Das ist zwar korrekt, aber um eines sollte man sich dabei schon Gedanken machen... Wie tausche ich im Nachhinein ein unperformantes Grafikformat gegen ein performantes für die komplette Anwendung mit möglichst wenig bis gar keinen Aufwand aus.
Die Farben in einem farbindizierten Bild (z.B. Gif) kannst du am besten über das Raster mit den Indices erreichen, vorrausgesetzt im ColorModel sind beide Farben vorhanden. Dazu holst du dir die beiden zu tauschenden Indices aus dem IndexColorModel, iterierst damit über die Raster-Elemente und tauscht so jeweils Index 1 mit Index 2.


----------



## Eiffelturm (17. Mrz 2012)

Allerdings, würde ich nicht Schwarz nehmen, und umändern, sondern die Flächen die geändert werden sollen, mit einer Farbe bepinseln, die man nicht braucht. (ich nehme immer 0xff00ff).

Viele Grüße


----------



## Seppel (17. Mrz 2012)

zu 1) Also Schwarz deswegen, weil ich das Bild dann gleich nutzen kann, sonst müsste ich bei zwei MAnschaften auch zwei mal ändern, das kostet Zeit. 
@ Spacerat mach ich das nicht bereit so? ich frag doch über indices und getRGB() die Farbe aus oder?
@ Fu3L das es nicht gehen soll, oder wie es gehen soll?

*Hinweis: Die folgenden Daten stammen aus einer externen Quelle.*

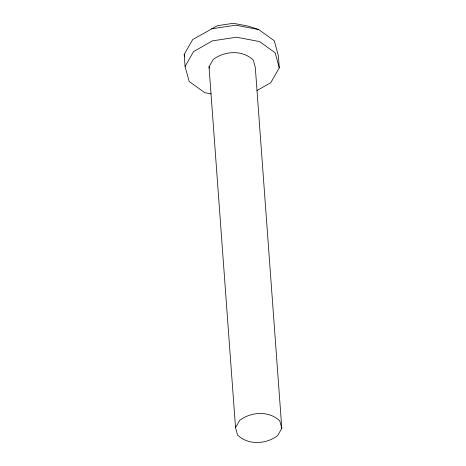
<?xml version="1.0" encoding="UTF-8"?>
<svg xmlns="http://www.w3.org/2000/svg" width="466" height="466" viewBox="0 0 466 466"><rect width="100%" height="100%" fill="white"/><g stroke="black" fill="none" stroke-linecap="round" stroke-linejoin="round"><path stroke-width="0.7" d="M211.063 93.899L204.801 92.705L189.179 81.498L185.072 66.434L184.192 54.406L192.708 39.534L217.366 25.717L233.32 23.3L248.495 26.183L258.659 29.539L274.282 40.752L278.383 55.809L279.268 67.838L270.752 82.709L256.923 90.555M185.072 66.434L193.588 51.563L212.444 40.868L236.582 37.21L259.539 41.567L275.161 52.78L279.268 67.838M209.03 66.795L213.212 59.485C224.676 50.823 242.547 49.676 253.294 60.085L255.31 67.483L281.808 428.341L277.625 435.646C266.162 444.308 248.291 445.455 237.544 435.046L235.528 427.648L209.03 66.795L209.397 68.141M235.528 427.648L239.716 420.344C251.174 411.676 269.045 410.534 279.792 420.938L281.808 428.341M211.558 28.84L235.703 25.181L258.659 29.539M184.192 54.406L184.752 56.462"/></g></svg>
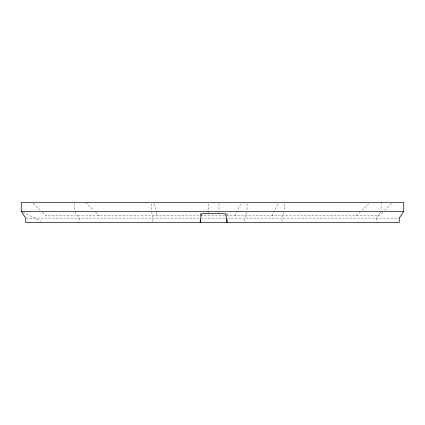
<?xml version="1.0" encoding="UTF-8"?>
<svg xmlns="http://www.w3.org/2000/svg" width="425" height="425" viewBox="0 0 425 425"><rect width="100%" height="100%" fill="white"/><g stroke="black" fill="none" stroke-linecap="round" stroke-linejoin="round"><path stroke-width="0.32" stroke-dasharray="2.12 1.59" d="M246.835 211.99L244.816 218.094L244.816 222.567M284.038 211.99L282.014 218.094L282.014 221.287M234.797 215.857L240.895 203.602M271.995 215.857L278.093 203.602M380.726 211.9L376.592 218.094L376.592 222.567M356.463 215.857L360.166 212.155M362.015 210.301L369.883 202.433M382.845 212.155L379.142 215.857L45.857 215.857L42.155 212.155M384.699 210.301L391.643 203.357M200.653 213.621L200.196 213.621L200.196 216.846M226.583 213.621L227.04 213.621L227.04 216.846M26.382 218.094L226.907 218.094M227.572 218.094L399.277 218.094M23.014 212.266L41.262 221.388M85.808 202.433L93.675 210.301M95.524 212.155L99.227 215.857M33.357 203.357L40.301 210.301M74.965 211.9L79.093 218.094L79.093 222.567M154.408 203.713L156.113 211.379M156.257 212.022L157.107 215.857M151.73 211.99L152.633 218.094L152.633 222.567M381.071 202.433L381.071 210.104M284.24 203.713L284.24 210.104M247.042 203.713L247.042 210.104M226.982 213.621L226.982 216.814M218.987 203.75L218.987 212.962M208.25 203.75L208.25 213.621M200.255 213.621L200.255 216.814M151.64 203.713L151.64 210.104M74.619 203.713L74.619 210.104"/><path stroke-width="0.64" d="M403.75 211.379L399.277 218.094L399.277 222.567L25.723 222.567L25.723 218.094L21.25 211.379L21.25 202.433L403.75 202.433L403.75 211.379L21.25 211.379M226.982 219.369L226.982 222.567L226.583 217.664L225.239 213.621L201.997 213.621L200.653 217.664L200.255 222.567L200.255 220.012"/></g></svg>

zu 2) es sind alles unterschiedliche Bilder
gut einige sind Spiegelverkehrt, die Frage ist hier nun ist es besser zur LAufzeit die Bilder ständig zu spiegeln oder lädt man jedes einfach einmal

zu 3) Eclipse, wenn das zusammengefasst wird ist das ja ne schlecht. Kennst sich jemand mit eigenen Binärformat erstellen aus, wie kann man da so ran gehen? Ich denke zwar nicht das wenn die Bilder einmal stehen noch viel geändert wird, man kann aber alles auch gleich richtig machen.

Danke für eure ersten Antworten


----------



## Marco13 (17. Mrz 2012)

Bis zu einem gewissen Grad unabhängig von den konkreten, sondern nur auf die allgemeine Frage (bzw. Verbesserungsvorschläge bezogen)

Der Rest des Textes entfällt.